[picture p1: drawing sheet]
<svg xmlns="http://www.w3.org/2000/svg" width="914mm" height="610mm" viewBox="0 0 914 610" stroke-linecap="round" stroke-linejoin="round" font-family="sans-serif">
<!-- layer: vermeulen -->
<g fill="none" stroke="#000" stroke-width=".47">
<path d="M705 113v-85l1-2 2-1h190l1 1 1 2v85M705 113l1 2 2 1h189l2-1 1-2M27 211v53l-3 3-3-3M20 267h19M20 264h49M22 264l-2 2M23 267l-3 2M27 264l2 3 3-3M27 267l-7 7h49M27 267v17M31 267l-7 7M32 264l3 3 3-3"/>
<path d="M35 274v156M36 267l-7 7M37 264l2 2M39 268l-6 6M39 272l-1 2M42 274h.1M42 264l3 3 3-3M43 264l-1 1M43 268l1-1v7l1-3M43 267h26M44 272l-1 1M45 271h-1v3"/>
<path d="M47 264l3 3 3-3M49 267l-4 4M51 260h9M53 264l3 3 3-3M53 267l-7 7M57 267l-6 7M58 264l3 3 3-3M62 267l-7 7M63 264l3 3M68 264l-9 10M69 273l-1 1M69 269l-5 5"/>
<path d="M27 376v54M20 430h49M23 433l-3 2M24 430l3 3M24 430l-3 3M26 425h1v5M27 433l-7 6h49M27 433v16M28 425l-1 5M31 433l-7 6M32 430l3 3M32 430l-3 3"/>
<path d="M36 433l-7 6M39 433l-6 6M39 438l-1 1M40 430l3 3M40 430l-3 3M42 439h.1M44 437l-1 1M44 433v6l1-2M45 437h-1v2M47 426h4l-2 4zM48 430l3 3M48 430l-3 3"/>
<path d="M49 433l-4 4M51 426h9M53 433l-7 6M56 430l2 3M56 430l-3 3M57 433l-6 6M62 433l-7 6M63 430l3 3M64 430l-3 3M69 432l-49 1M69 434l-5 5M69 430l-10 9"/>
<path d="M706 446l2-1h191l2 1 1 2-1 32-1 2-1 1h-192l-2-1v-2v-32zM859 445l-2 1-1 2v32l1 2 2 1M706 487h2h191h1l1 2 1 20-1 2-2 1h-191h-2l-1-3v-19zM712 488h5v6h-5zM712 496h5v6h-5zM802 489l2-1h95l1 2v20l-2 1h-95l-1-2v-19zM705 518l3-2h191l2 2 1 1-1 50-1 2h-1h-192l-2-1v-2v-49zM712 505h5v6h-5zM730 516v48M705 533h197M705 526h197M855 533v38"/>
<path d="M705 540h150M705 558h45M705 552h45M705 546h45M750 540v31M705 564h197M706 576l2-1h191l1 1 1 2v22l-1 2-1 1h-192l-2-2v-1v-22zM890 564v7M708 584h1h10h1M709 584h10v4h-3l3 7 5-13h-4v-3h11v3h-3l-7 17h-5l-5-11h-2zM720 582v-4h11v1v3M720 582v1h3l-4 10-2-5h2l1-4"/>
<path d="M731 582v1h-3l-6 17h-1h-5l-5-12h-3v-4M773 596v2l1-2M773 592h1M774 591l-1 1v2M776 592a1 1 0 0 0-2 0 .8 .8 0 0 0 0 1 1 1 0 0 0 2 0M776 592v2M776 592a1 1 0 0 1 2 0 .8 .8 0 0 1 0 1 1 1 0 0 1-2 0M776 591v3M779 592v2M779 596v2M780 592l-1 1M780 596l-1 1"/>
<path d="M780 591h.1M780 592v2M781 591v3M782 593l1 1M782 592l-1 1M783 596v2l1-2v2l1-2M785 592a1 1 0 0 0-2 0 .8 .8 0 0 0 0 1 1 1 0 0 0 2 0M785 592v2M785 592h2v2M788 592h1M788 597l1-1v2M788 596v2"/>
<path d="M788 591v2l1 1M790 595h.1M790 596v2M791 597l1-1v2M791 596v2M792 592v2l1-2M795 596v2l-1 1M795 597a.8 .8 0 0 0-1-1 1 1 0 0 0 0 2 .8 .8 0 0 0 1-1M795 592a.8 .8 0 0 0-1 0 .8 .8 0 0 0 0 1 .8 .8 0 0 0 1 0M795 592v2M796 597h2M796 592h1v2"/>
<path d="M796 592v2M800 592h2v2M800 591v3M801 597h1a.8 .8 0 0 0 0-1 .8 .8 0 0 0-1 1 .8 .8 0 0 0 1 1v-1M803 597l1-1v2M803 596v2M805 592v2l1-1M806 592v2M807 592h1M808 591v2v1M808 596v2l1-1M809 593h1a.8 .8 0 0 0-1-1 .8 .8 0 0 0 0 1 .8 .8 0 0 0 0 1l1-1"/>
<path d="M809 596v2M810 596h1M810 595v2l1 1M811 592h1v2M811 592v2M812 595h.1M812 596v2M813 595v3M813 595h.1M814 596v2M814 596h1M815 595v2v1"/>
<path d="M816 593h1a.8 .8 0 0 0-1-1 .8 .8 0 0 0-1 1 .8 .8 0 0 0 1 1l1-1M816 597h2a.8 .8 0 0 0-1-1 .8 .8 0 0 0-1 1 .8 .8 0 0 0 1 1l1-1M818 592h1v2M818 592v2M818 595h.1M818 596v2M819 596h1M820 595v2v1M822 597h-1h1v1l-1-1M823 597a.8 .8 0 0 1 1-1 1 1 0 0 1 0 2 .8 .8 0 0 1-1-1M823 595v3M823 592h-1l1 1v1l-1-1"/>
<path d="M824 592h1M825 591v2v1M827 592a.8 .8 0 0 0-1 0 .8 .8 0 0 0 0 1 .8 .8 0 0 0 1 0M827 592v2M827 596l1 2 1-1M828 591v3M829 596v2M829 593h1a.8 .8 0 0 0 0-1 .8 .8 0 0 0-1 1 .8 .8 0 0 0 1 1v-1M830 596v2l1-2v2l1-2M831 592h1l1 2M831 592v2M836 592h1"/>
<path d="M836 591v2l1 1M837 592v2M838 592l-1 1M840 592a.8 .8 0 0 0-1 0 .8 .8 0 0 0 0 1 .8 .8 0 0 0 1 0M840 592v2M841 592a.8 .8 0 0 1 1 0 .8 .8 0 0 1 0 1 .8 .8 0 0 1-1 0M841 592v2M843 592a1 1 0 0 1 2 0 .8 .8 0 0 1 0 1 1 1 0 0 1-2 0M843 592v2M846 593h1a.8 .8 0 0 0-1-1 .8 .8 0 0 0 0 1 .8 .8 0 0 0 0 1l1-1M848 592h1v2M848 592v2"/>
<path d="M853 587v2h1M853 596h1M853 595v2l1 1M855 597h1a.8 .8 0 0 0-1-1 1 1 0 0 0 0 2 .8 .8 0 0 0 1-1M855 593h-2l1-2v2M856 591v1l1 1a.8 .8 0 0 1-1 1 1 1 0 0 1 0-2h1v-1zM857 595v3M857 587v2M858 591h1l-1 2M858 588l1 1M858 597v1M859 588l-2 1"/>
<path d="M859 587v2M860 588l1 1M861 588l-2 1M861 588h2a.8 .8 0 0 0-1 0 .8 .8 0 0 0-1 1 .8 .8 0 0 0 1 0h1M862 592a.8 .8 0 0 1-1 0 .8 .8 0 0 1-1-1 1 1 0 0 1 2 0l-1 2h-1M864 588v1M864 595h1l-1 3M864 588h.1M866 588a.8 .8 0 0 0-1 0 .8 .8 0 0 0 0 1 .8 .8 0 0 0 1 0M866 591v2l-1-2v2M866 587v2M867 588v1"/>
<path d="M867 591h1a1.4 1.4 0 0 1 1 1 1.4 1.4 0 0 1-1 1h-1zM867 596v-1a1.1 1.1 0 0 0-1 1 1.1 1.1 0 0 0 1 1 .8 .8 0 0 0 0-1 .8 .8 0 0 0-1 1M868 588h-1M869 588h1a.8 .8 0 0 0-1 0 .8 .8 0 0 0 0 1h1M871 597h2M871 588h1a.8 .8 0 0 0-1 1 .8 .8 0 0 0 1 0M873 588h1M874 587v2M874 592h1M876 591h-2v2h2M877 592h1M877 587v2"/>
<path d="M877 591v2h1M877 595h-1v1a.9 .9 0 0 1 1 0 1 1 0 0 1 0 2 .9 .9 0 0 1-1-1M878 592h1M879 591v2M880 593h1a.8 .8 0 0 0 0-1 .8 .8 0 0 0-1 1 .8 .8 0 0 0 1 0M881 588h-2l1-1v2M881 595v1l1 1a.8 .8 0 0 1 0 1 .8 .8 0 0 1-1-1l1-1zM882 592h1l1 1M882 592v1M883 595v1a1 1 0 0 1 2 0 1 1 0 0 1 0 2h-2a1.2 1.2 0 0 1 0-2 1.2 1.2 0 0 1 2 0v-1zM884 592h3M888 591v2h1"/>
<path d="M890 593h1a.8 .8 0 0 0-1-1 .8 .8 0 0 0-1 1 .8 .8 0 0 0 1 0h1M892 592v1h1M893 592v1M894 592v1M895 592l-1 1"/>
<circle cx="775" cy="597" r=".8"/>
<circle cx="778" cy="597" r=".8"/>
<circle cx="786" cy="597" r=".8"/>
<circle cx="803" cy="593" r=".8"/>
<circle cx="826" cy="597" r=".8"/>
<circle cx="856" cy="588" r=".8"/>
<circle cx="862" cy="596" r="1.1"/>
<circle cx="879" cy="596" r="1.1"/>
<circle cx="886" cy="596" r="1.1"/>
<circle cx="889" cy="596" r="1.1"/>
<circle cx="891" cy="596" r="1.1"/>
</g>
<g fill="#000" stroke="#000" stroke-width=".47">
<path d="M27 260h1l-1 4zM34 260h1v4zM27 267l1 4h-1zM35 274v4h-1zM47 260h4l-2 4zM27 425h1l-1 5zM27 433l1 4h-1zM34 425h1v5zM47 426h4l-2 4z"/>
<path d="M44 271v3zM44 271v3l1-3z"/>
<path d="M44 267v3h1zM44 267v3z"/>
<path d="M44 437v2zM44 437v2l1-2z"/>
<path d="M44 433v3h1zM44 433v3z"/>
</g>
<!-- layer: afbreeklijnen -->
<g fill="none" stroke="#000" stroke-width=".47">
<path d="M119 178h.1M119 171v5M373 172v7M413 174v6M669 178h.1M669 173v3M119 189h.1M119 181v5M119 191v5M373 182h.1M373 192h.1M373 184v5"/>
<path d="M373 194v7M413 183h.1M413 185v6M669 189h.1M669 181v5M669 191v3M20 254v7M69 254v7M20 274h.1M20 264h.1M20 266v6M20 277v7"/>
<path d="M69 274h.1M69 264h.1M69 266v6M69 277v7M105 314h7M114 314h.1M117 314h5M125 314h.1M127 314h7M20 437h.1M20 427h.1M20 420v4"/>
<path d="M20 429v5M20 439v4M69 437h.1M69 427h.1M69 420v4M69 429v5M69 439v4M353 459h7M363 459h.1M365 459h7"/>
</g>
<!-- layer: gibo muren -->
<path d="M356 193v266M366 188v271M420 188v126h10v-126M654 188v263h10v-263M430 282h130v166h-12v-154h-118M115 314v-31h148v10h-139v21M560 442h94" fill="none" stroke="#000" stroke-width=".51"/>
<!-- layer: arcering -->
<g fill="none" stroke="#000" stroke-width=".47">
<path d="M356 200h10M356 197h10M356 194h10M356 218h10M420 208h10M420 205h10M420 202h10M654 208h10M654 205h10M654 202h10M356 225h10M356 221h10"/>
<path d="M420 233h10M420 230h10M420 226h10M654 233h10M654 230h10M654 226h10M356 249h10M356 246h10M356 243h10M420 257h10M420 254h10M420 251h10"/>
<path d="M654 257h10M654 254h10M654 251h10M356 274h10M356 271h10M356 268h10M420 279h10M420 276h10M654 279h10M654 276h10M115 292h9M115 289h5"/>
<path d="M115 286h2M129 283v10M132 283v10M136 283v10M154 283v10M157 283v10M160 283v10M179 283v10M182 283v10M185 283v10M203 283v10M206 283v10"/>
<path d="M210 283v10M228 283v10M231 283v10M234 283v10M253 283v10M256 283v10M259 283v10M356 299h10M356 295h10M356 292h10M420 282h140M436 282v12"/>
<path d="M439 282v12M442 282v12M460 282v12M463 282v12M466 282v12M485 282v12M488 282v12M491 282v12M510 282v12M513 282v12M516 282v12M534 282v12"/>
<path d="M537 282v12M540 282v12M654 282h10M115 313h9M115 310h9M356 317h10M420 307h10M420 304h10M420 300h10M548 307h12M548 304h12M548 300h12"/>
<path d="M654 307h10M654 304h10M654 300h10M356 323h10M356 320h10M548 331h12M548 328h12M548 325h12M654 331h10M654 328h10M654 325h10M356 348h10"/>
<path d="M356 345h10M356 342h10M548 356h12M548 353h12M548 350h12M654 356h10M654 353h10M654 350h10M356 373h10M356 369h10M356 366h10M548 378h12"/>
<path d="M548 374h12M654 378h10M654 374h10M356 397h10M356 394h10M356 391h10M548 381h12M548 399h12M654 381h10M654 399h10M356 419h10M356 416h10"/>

- **The task**
Look through the entries above; find each line with the word "layer" and copy it.

- **Solution for this exercise**
<!-- layer: vermeulen -->
<!-- layer: afbreeklijnen -->
<!-- layer: gibo muren -->
<!-- layer: arcering -->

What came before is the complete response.